The US Anti-Doping Agency has said it's stripped cyclist Lance Armstrong of his record seven Tour de France titles and banned him from the sport for life for doping.
The move follows Armstrong's announcement on Thursday night that he would not pursue arbitration in a bid to clear himself of charges brought against him by USADA in June.
"USADA announced today that Lance Armstrong has chosen not to move forward with the independent arbitration process and as a result has received a lifetime period of ineligibility and disqualification of all competitive results from August 1, 1998 through the present," USADA said in a statement on Friday.

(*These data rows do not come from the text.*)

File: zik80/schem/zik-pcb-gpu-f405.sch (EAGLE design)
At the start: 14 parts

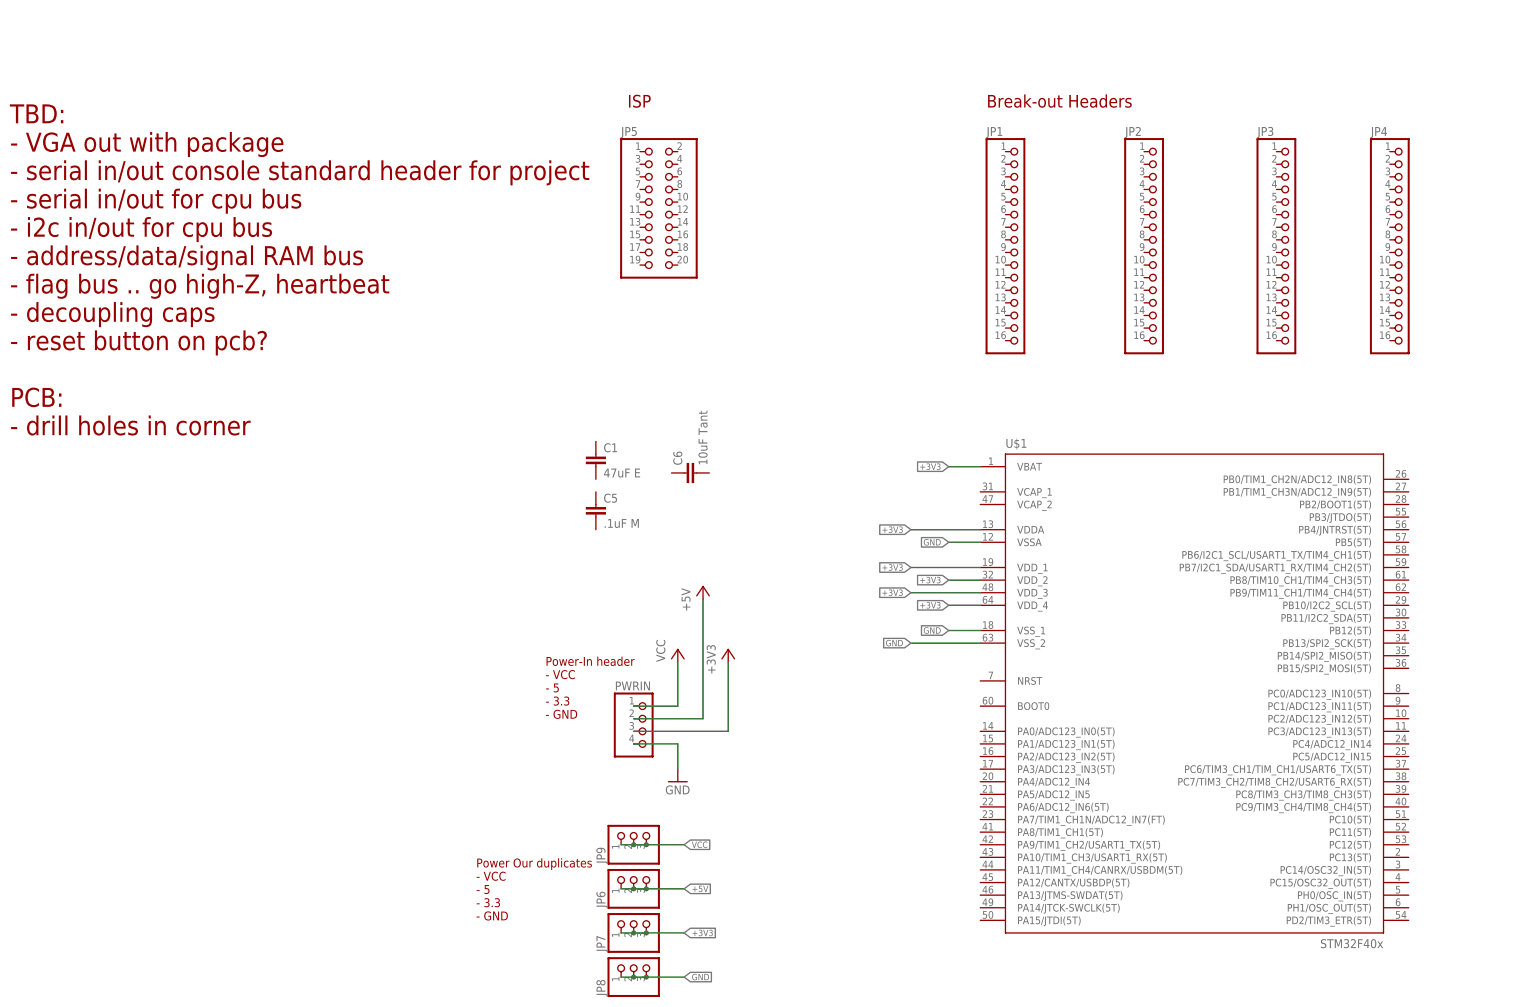
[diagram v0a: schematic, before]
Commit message: Updating schem for gpu
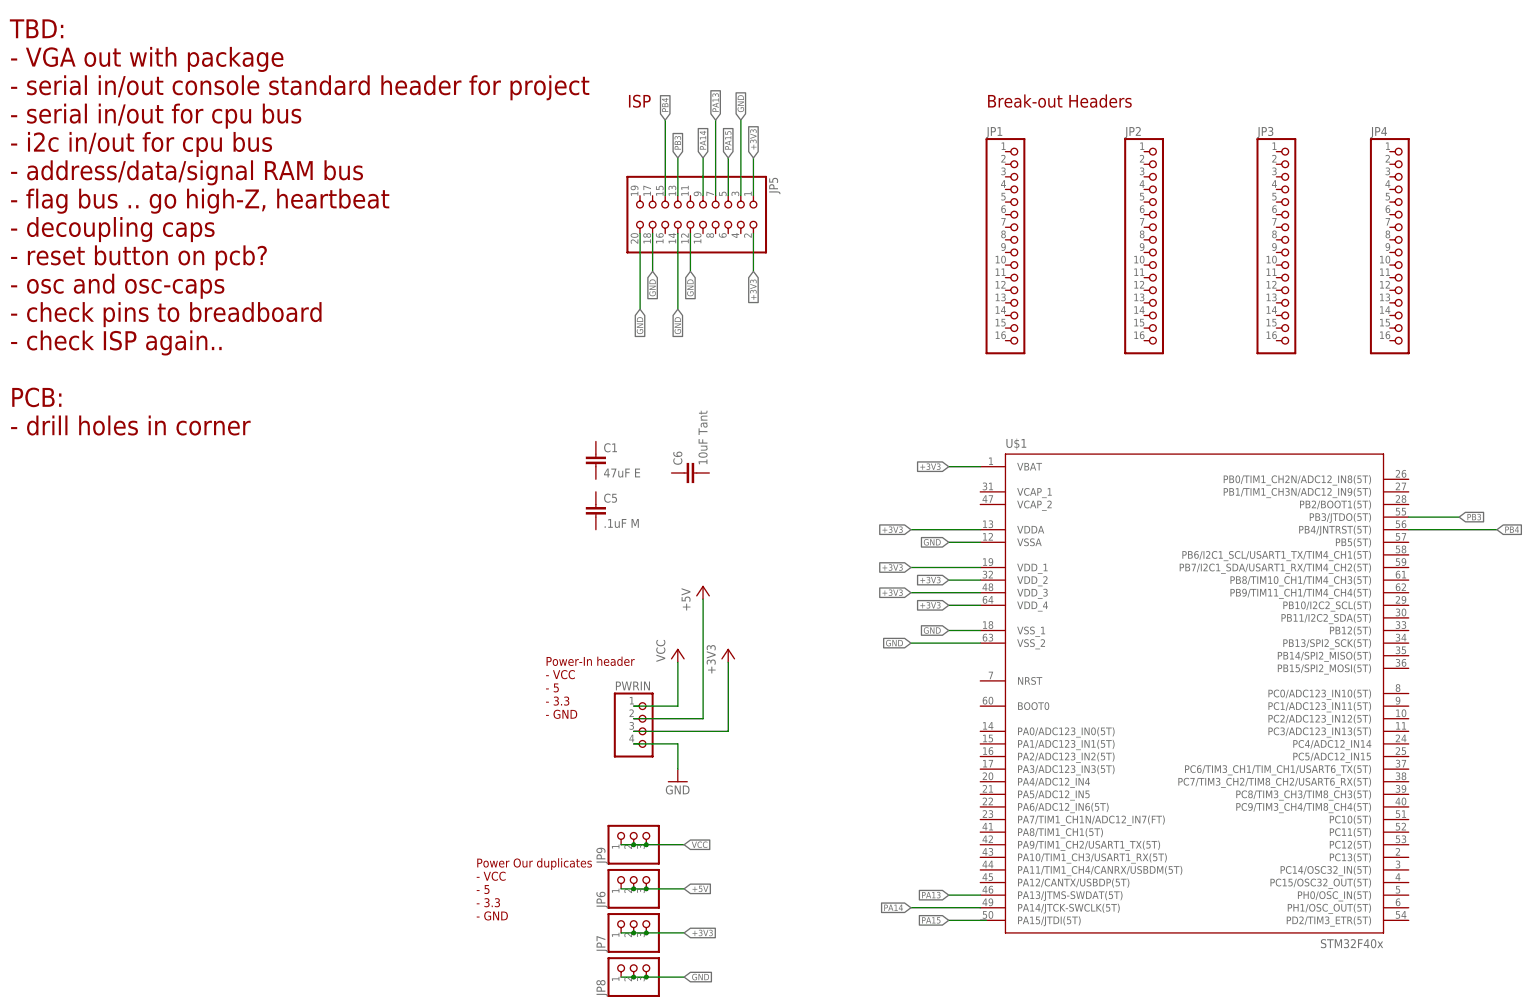
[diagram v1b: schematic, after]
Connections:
- new net PA13: JP5.7, U$1.PA13/JTMS-SWDAT(5T)
- new net PA14: JP5.9, U$1.PA14/JTCK-SWCLK(5T)
- new net PA15: JP5.5
- new net PB3: JP5.13, U$1.PB3/JTDO(5T)
- new net PB4: JP5.15, U$1.PB4/JNTRST(5T)
- net +3V3: now also JP5.1, JP5.2
- net GND: now also JP5.12, JP5.14, JP5.18, JP5.20, JP5.3
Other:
- note added: "TBD: - VGA out with package - serial in/out console standard header for project - serial in/out for cpu bus - i2c in/out for cpu bus - address/data/signal RAM bus - flag bus .. go high-Z, heartbeat - decoupling caps - reset button on pcb? - osc and osc-caps - check pins to breadboard - check ISP again.. PCB: - drill holes in corner"
- note removed: "TBD: - VGA out with package - serial in/out console standard header for project - serial in/out for cpu bus - i2c in/out for cpu bus - address/data/signal RAM bus - flag bus .. go high-Z, heartbeat - decoupling caps - reset button on pcb? PCB: - drill holes in corner"
- moved on the sheet: JP5
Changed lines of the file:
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@@
 - decoupling caps
 - reset button on pcb?
+- osc and osc-caps
+- check pins to breadboard
+- check ISP again..
 PCB:
 - drill holes in corner</text>
@@
 <instance part="JP4" gate="A" x="158.75" y="104.14"/>
 <instance part="P+1" gate="VCC" x="12.7" y="21.59"/>
-<instance part="JP5" gate="A" x="7.62" y="111.76"/>
+<instance part="JP5" gate="A" x="17.78" y="110.49" rot="R270"/>
 <instance part="JP6" gate="A" x="3.81" y="-24.13" rot="R90"/>
 <instance part="JP7" gate="A" x="3.81" y="-33.02" rot="R90"/>
@@
 <junction x="3.81" y="-35.56"/>
 </segment>
+<segment>
+<pinref part="JP5" gate="A" pin="1"/>
+<wire x1="27.94" y1="113.03" x2="27.94" y2="120.65" width="0.1524" layer="91"/>
+<label x="27.94" y="120.65" size="1.27" layer="95" rot="R90" xref="yes"/>
+</segment>
+<segment>
+<pinref part="JP5" gate="A" pin="2"/>
+<wire x1="27.94" y1="105.41" x2="27.94" y2="97.79" width="0.1524" layer="91"/>
+<label x="27.94" y="97.79" size="1.27" layer="95" rot="R270" xref="yes"/>
+</segment>
 </net>
 <net name="GND" class="0">
@@
 <junction x="6.35" y="-44.45"/>
 </segment>
-</net>
+<segment>
+<pinref part="JP5" gate="A" pin="3"/>
+<wire x1="25.4" y1="113.03" x2="25.4" y2="128.27" width="0.1524" layer="91"/>
+<label x="25.4" y="128.27" size="1.27" layer="95" rot="R90" xref="yes"/>
+</segment>
+<segment>
+<pinref part="JP5" gate="A" pin="12"/>
+<wire x1="15.24" y1="105.41" x2="15.24" y2="97.79" width="0.1524" layer="91"/>
+<label x="15.24" y="97.79" size="1.27" layer="95" rot="R270" xref="yes"/>
+</segment>
+<segment>
+<pinref part="JP5" gate="A" pin="14"/>
+<wire x1="12.7" y1="105.41" x2="12.7" y2="90.17" width="0.1524" layer="91"/>
+<label x="12.7" y="90.17" size="1.27" layer="95" rot="R270" xref="yes"/>
+</segment>
+<segment>
+<pinref part="JP5" gate="A" pin="18"/>
+<wire x1="7.62" y1="105.41" x2="7.62" y2="97.79" width="0.1524" layer="91"/>
+<label x="7.62" y="97.79" size="1.27" layer="95" rot="R270" xref="yes"/>
+</segment>
+<segment>
+<pinref part="JP5" gate="A" pin="20"/>
+<wire x1="5.08" y1="105.41" x2="5.08" y2="90.17" width="0.1524" layer="91"/>
+<label x="5.08" y="90.17" size="1.27" layer="95" rot="R270" xref="yes"/>
+</segment>
+</net>
+<net name="PA15" class="0">
+<segment>
+<wire x1="74.93" y1="-33.02" x2="67.31" y2="-33.02" width="0.1524" layer="91"/>
+<label x="67.31" y="-33.02" size="1.27" layer="95" rot="R180" xref="yes"/>
+</segment>
+<segment>
+<pinref part="JP5" gate="A" pin="5"/>
+<wire x1="22.86" y1="113.03" x2="22.86" y2="120.65" width="0.1524" layer="91"/>
+<label x="22.86" y="120.65" size="1.27" layer="95" rot="R90" xref="yes"/>
+</segment>
+</net>
+<net name="PA14" class="0">
+<segment>
+<pinref part="U$1" gate="G$1" pin="PA14/JTCK-SWCLK(5T)"/>
+<wire x1="73.66" y1="-30.48" x2="59.69" y2="-30.48" width="0.1524" layer="91"/>
+<label x="59.69" y="-30.48" size="1.27" layer="95" rot="R180" xref="yes"/>
+</segment>
+<segment>
+<pinref part="JP5" gate="A" pin="9"/>
+<wire x1="17.78" y1="113.03" x2="17.78" y2="120.65" width="0.1524" layer="91"/>
+<label x="17.78" y="120.65" size="1.27" layer="95" rot="R90" xref="yes"/>
+</segment>
+</net>
+<net name="PA13" class="0">
+<segment>
+<pinref part="U$1" gate="G$1" pin="PA13/JTMS-SWDAT(5T)"/>
+<wire x1="73.66" y1="-27.94" x2="67.31" y2="-27.94" width="0.1524" layer="91"/>
+<label x="67.31" y="-27.94" size="1.27" layer="95" rot="R180" xref="yes"/>
+</segment>
+<segment>
+<pinref part="JP5" gate="A" pin="7"/>
+<wire x1="20.32" y1="113.03" x2="20.32" y2="128.27" width="0.1524" layer="91"/>
+<label x="20.32" y="128.27" size="1.27" layer="95" rot="R90" xref="yes"/>
+</segment>
+</net>
+<net name="PB3" class="0">
+<segment>
+<pinref part="JP5" gate="A" pin="13"/>
+<wire x1="12.7" y1="113.03" x2="12.7" y2="120.65" width="0.1524" layer="91"/>
+<label x="12.7" y="120.65" size="1.27" layer="95" rot="R90" xref="yes"/>
+</segment>
+<segment>
+<pinref part="U$1" gate="G$1" pin="PB3/JTDO(5T)"/>
+<wire x1="160.02" y1="48.26" x2="170.18" y2="48.26" width="0.1524" layer="91"/>
+<label x="170.18" y="48.26" size="1.27" layer="95" xref="yes"/>
+</segment>
+</net>
+<net name="PB4" class="0">
+<segment>
+<pinref part="JP5" gate="A" pin="15"/>
+<wire x1="10.16" y1="113.03" x2="10.16" y2="128.27" width="0.1524" layer="91"/>
+<label x="10.16" y="128.27" size="1.27" layer="95" rot="R90" xref="yes"/>
+</segment>
+<segment>
+<pinref part="U$1" gate="G$1" pin="PB4/JNTRST(5T)"/>
+<wire x1="160.02" y1="45.72" x2="177.8" y2="45.72" width="0.1524" layer="91"/>
+<label x="177.8" y="45.72" size="1.27" layer="95" xref="yes"/>
+</segment>
+</net>

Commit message: minor tweaks to gpu sche.. getting mentally ready for finishing it up, deciding what is pinheader versus actual footprints..
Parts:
- removed C1: 47uF E, rcl:C-EU025-025X050
- removed C6: 10uF Tant, rcl:C-EU025-025X050
- added C2: 22pF, rcl:C-EU025-025X050
- added GPUOSC: 8Mhz, SparkFun-FreqCtrl:CRYSTALHC49US
- C5: value .1uF M -> 22pF
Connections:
- new net N$1: C5.1, GPUOSC.1, U$1.PH1/OSC_OUT(5T)
- new net N$2: C2.1, GPUOSC.2, U$1.PH0/OSC_IN(5T)
- net GND: now also C2.2, C5.2
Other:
- note added: "TBD: - VGA out with package .. drop screws, just solder points - serial in/out console standard header for project - serial in/out for cpu bus - i2c in/out for cpu bus - address/data/signal RAM bus - flag bus .. go high-Z, heartbeat, grab bus, etc - reset button on pcb? - check pins to breadboard - check ISP again.. - LED and resistor PCB: - drill holes in corner"
- note removed: "TBD: - VGA out with package - serial in/out console standard header for project - serial in/out for cpu bus - i2c in/out for cpu bus - address/data/signal RAM bus - flag bus .. go high-Z, heartbeat - decoupling caps - reset button on pcb? - osc and osc-caps - check pins to breadboard - check ISP again.. PCB: - drill holes in corner"
- moved on the sheet: C5
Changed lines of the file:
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@@
 <layer number="101" name="Patch_Top" color="12" fill="4" visible="yes" active="yes"/>
 <layer number="102" name="Vscore" color="7" fill="1" visible="yes" active="yes"/>
+<layer number="103" name="tMap" color="7" fill="1" visible="no" active="yes"/>
 <layer number="104" name="Name" color="7" fill="1" visible="yes" active="yes"/>
+<layer number="105" name="tPlate" color="7" fill="1" visible="no" active="yes"/>
+<layer number="106" name="bPlate" color="7" fill="1" visible="no" active="yes"/>
+<layer number="107" name="Crop" color="7" fill="1" visible="no" active="yes"/>
+<layer number="108" name="tplace-old" color="10" fill="1" visible="yes" active="yes"/>
+<layer number="109" name="ref-old" color="11" fill="1" visible="yes" active="yes"/>
 <layer number="116" name="Patch_BOT" color="9" fill="4" visible="yes" active="yes"/>
 <layer number="121" name="_tsilk" color="7" fill="1" visible="yes" active="yes"/>
 <layer number="122" name="_bsilk" color="7" fill="1" visible="yes" active="yes"/>
+<layer number="125" name="_tNames" color="7" fill="1" visible="no" active="yes"/>
+<layer number="144" name="Drill_legend" color="7" fill="1" visible="no" active="yes"/>
 <layer number="151" name="HeatSink" color="7" fill="1" visible="yes" active="yes"/>
+<layer number="199" name="Contour" color="7" fill="1" visible="yes" active="yes"/>
 <layer number="200" name="200bmp" color="1" fill="10" visible="no" active="no"/>
 <layer number="201" name="201bmp" color="2" fill="1" visible="no" active="no"/>
 <layer number="202" name="202bmp" color="3" fill="1" visible="no" active="no"/>
+<layer number="203" name="203bmp" color="4" fill="10" visible="no" active="yes"/>
+<layer number="204" name="204bmp" color="5" fill="10" visible="no" active="yes"/>
+<layer number="205" name="205bmp" color="6" fill="10" visible="no" active="yes"/>
+<layer number="206" name="206bmp" color="7" fill="10" visible="no" active="yes"/>
+<layer number="207" name="207bmp" color="8" fill="10" visible="no" active="yes"/>
+<layer number="208" name="208bmp" color="9" fill="10" visible="no" active="yes"/>
+<layer number="209" name="209bmp" color="7" fill="1" visible="no" active="yes"/>
+<layer number="210" name="210bmp" color="7" fill="1" visible="no" active="yes"/>
+<layer number="211" name="211bmp" color="7" fill="1" visible="no" active="yes"/>
+<layer number="212" name="212bmp" color="7" fill="1" visible="no" active="yes"/>
+<layer number="213" name="213bmp" color="7" fill="1" visible="no" active="yes"/>
+<layer number="214" name="214bmp" color="7" fill="1" visible="no" active="yes"/>
+<layer number="215" name="215bmp" color="7" fill="1" visible="no" active="yes"/>
+<layer number="216" name="216bmp" color="7" fill="1" visible="no" active="yes"/>
+<layer number="217" name="217bmp" color="18" fill="1" visible="no" active="no"/>
+<layer number="218" name="218bmp" color="19" fill="1" visible="no" active="no"/>
+<layer number="219" name="219bmp" color="20" fill="1" visible="no" active="no"/>
+<layer number="220" name="220bmp" color="21" fill="1" visible="no" active="no"/>
+<layer number="221" name="221bmp" color="22" fill="1" visible="no" active="no"/>
+<layer number="222" name="222bmp" color="23" fill="1" visible="no" active="no"/>
+<layer number="223" name="223bmp" color="24" fill="1" visible="no" active="no"/>
+<layer number="224" name="224bmp" color="25" fill="1" visible="no" active="no"/>
 <layer number="250" name="Descript" color="3" fill="1" visible="no" active="no"/>
 <layer number="251" name="SMDround" color="12" fill="11" visible="no" active="no"/>
@@
 <part name="+3V2" library="supply1" deviceset="+3V3" device=""/>
 <part name="PWRIN" library="pinhead" deviceset="PINHD-1X4" device=""/>
-<part name="C1" library="rcl" deviceset="C-EU" device="025-025X050" value="47uF E"/>
-<part name="C5" library="rcl" deviceset="C-EU" device="025-025X050" value=".1uF M"/>
-<part name="C6" library="rcl" deviceset="C-EU" device="025-025X050" value="10uF Tant"/>
+<part name="C5" library="rcl" deviceset="C-EU" device="025-025X050" value="22pF"/>
 <part name="U$1" library="stm32f4" deviceset="STM32F405R" device=""/>
 <part name="JP1" library="pinhead" deviceset="PINHD-1X16" device=""/>
@@
 <part name="JP8" library="pinhead" deviceset="PINHD-1X3" device=""/>
 <part name="JP9" library="pinhead" deviceset="PINHD-1X3" device=""/>
+<part name="GPUOSC" library="SparkFun-FreqCtrl" deviceset="CRYSTAL" device="HC49US" value="8Mhz"/>
+<part name="GND1" library="supply1" deviceset="GND" device=""/>
+<part name="GND2" library="supply1" deviceset="GND" device=""/>
+<part name="C2" library="rcl" deviceset="C-EU" device="025-025X050" value="22pF"/>
 </parts>
 <sheets>
@@
 - 3.3
 - GND</text>
-<text x="-121.92" y="64.77" size="3.81" layer="94">TBD:
-- VGA out with package
+<text x="-134.62" y="57.15" size="3.81" layer="94">TBD:
+- VGA out with package .. drop screws, just solder points
 - serial in/out console standard header for project
 - serial in/out for cpu bus
 - i2c in/out for cpu bus
 - address/data/signal RAM bus
-- flag bus .. go high-Z, heartbeat
-- decoupling caps
+- flag bus .. go high-Z, heartbeat, grab bus, etc
 - reset button on pcb?
-- osc and osc-caps
 - check pins to breadboard
 - check ISP again..
+- LED and resistor
 PCB:
 - drill holes in corner</text>
@@
 <instance part="+3V2" gate="G$1" x="22.86" y="21.59"/>
 <instance part="PWRIN" gate="A" x="6.35" y="5.08"/>
-<instance part="C1" gate="G$1" x="-3.81" y="60.96"/>
-<instance part="C5" gate="G$1" x="-3.81" y="50.8"/>
-<instance part="C6" gate="G$1" x="13.97" y="57.15" rot="R90"/>
+<instance part="C5" gate="G$1" x="165.1" y="-49.53"/>
 <instance part="U$1" gate="G$1" x="116.84" y="12.7"/>
 <instance part="JP1" gate="A" x="81.28" y="104.14"/>
@@
 <instance part="JP8" gate="A" x="3.81" y="-41.91" rot="R90"/>
 <instance part="JP9" gate="A" x="3.81" y="-15.24" rot="R90"/>
+<instance part="GPUOSC" gate="G$1" x="172.72" y="-40.64"/>
+<instance part="GND1" gate="1" x="165.1" y="-60.96"/>
+<instance part="GND2" gate="1" x="179.07" y="-60.96"/>
+<instance part="C2" gate="G$1" x="179.07" y="-49.53"/>
 </instances>
 <busses>
@@
 <label x="5.08" y="90.17" size="1.27" layer="95" rot="R270" xref="yes"/>
 </segment>
+<segment>
+<pinref part="C5" gate="G$1" pin="2"/>
+<pinref part="GND1" gate="1" pin="GND"/>
+<wire x1="165.1" y1="-58.42" x2="165.1" y2="-54.61" width="0.1524" layer="91"/>
+</segment>
+<segment>
+<pinref part="GND2" gate="1" pin="GND"/>
+<pinref part="C2" gate="G$1" pin="2"/>
+<wire x1="179.07" y1="-58.42" x2="179.07" y2="-54.61" width="0.1524" layer="91"/>
+</segment>
 </net>
 <net name="PA15" class="0">
@@
 </segment>
 </net>
+<net name="N$1" class="0">
+<segment>
+<pinref part="U$1" gate="G$1" pin="PH1/OSC_OUT(5T)"/>
+<pinref part="GPUOSC" gate="G$1" pin="1"/>
+<wire x1="160.02" y1="-30.48" x2="170.18" y2="-30.48" width="0.1524" layer="91"/>
+<wire x1="170.18" y1="-30.48" x2="170.18" y2="-40.64" width="0.1524" layer="91"/>
+<pinref part="C5" gate="G$1" pin="1"/>
+<wire x1="170.18" y1="-40.64" x2="165.1" y2="-40.64" width="0.1524" layer="91"/>
+<wire x1="165.1" y1="-40.64" x2="165.1" y2="-46.99" width="0.1524" layer="91"/>
+<junction x="170.18" y="-40.64"/>
+</segment>
+</net>
+<net name="N$2" class="0">
+<segment>
+<pinref part="U$1" gate="G$1" pin="PH0/OSC_IN(5T)"/>
+<pinref part="GPUOSC" gate="G$1" pin="2"/>
+<wire x1="160.02" y1="-27.94" x2="175.26" y2="-27.94" width="0.1524" layer="91"/>
+<wire x1="175.26" y1="-27.94" x2="175.26" y2="-40.64" width="0.1524" layer="91"/>
+<pinref part="C2" gate="G$1" pin="1"/>
+<wire x1="179.07" y1="-46.99" x2="179.07" y2="-40.64" width="0.1524" layer="91"/>
+<wire x1="179.07" y1="-40.64" x2="175.26" y2="-40.64" width="0.1524" layer="91"/>
+<junction x="175.26" y="-40.64"/>
+</segment>
+</net>

"There comes a point in every man's life when he has to say, 'Enough is enough,'" Armstrong said in a statement posted on his website Lancearmstrong.com
"For me, that time is now. I have been dealing with claims that I cheated and had an unfair advantage in winning my seven Tours since 1999," he said.
Armstrong said USADA did not have the authority to vacate his Tour titles. However, USADA Chief Executive Travis Tygart told The Associated Press that the agency could do it.
Tygart called the Armstrong case a "heartbreaking" example of a win-at-all costs approach to sports.
In the statement, Armstrong did not concede having used performance enhancing substances during his celebrated cycling career. On the contrary, he said he would "jump at the chance" to put the allegations to rest.
But Armstrong said he refused to participate in the USADA process, which he called "one-sided and unfair".
The Austin American-Statesman reported that Armstrong also alerted the USADA in a letter sent just before a midnight Thursday deadline that he would not fight the charges through arbitration.
"Today I turn the page. I will no longer address this issue, regardless of the circumstances," he said in the statement.